1.2 Major shareholders
The Principality of Liechtenstein is the major shareholder of Liechtensteinische Landesbank AG. The Law on Liechtensteinische Landesbank states that – in terms of capital and voting rights – the Principality of Liechtenstein must hold at least 51 per cent of the shares. These may not be sold.
At the end of 2022, the Principality’s equity stake in the shares of Liechtensteinische Landesbank stood at 56.3 per cent. On 13 May 2022, Liechtensteinische Landesbank acquired 363’785 shares from the Principality of Liechtenstein, this in connection with its public tender offer to Bank Linth shareholders to purchase their Bank Linth shares. After this transaction, the Principality of Liechtenstein still holds 17’336’215 of the total 30’800’000 LLB shares. Detailed information about the development of this equity stake can be found at www.llb.li/capital+structure.

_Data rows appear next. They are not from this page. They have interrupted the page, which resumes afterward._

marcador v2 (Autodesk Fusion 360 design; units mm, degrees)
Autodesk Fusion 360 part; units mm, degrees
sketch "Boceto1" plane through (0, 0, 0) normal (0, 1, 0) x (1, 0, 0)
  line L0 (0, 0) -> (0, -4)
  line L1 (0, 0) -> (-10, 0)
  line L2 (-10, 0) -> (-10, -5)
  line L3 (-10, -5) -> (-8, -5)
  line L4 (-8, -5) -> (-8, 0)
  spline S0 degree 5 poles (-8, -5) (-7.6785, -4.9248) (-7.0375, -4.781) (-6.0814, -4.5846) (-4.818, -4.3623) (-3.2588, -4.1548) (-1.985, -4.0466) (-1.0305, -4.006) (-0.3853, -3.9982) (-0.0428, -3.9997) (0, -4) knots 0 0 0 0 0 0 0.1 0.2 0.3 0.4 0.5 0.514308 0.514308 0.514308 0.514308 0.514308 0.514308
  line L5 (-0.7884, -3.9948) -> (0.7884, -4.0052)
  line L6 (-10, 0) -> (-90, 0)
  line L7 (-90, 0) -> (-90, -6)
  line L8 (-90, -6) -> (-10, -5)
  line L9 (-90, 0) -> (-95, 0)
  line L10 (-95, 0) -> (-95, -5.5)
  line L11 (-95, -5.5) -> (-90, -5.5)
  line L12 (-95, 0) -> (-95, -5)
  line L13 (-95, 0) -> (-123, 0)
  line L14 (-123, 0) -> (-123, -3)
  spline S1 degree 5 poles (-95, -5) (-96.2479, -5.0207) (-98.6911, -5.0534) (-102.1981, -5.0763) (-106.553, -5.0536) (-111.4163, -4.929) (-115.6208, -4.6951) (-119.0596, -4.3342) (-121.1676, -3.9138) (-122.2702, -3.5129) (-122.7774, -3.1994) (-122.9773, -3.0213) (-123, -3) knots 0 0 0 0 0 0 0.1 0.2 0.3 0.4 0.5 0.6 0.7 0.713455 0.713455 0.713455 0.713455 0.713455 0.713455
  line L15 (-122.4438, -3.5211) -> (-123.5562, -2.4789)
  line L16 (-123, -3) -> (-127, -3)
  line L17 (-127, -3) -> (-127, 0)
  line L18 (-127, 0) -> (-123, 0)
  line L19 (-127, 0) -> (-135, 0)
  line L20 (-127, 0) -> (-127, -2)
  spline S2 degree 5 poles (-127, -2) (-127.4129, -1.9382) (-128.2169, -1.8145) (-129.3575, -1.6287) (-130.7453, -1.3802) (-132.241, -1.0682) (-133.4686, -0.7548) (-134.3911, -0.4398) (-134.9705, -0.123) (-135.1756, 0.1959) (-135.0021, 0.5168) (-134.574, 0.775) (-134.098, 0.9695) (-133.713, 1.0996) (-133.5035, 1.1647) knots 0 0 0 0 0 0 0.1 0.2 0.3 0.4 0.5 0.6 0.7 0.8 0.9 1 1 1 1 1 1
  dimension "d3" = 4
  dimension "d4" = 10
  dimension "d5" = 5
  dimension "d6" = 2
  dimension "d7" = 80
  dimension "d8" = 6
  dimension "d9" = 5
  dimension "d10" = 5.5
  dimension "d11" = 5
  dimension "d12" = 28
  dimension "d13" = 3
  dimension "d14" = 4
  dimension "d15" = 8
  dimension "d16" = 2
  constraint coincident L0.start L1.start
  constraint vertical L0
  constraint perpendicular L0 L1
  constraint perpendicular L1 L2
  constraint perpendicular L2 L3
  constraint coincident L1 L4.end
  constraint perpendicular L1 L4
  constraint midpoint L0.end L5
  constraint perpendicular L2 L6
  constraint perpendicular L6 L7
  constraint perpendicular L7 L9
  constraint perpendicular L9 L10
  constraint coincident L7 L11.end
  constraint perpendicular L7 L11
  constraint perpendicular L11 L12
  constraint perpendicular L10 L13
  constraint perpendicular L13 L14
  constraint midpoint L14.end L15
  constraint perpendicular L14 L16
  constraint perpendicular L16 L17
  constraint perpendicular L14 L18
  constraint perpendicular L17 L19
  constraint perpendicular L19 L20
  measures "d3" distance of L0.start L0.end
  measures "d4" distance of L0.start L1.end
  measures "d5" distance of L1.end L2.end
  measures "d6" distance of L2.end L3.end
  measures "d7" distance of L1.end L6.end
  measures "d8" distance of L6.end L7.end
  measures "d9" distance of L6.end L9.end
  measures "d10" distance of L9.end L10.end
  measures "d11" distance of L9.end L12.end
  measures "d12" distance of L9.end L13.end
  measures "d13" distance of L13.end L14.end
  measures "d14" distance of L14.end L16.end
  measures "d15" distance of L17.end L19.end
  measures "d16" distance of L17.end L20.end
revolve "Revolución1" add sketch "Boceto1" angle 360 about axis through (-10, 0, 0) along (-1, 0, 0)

At 31 December 2022, the Haselsteiner Familien-Privatstiftung, Ortenburger Strasse 27, 9800 Spittal / Drau, Austria, and grosso Holding Gesellschaft mbH, Walfischgasse 5, 1015 Vienna, Austria, held 1’805’000 shares, or a share of 5.9 per cent of the capital and voting rights of LLB (https://www.ser-ag.com/en/resources/notifications-market-participants/significant-shareholders.html#/). The Haselsteiner Familien-Privatstiftung and grosso Holding Gesellschaft mbH constitute a shareholder group. The voting rights will be exercised in mutual agreement between the parties.
The remaining registered shares were in free float, whereby none of the other shareholders held more than 3.0 per cent of the share capital.
As at 31 December 2022, Liechtensteinische Landesbank AG held, directly or indirectly, a total of 179’881 of its own registered shares (0.6 % of the share capital). No shares were cancelled so that the capital structure remained the same. The repurchased shares are to be used for the purpose of future acquisitions or for treasury management purposes.
Less than 0.4 per cent of the share capital was held by members of the Board of Directors and the Group Executive Board. There are no binding shareholder agreements.
1.3 Cross participations
There are no cross participations between Liechtensteinische Landesbank AG and its subsidiaries or third parties.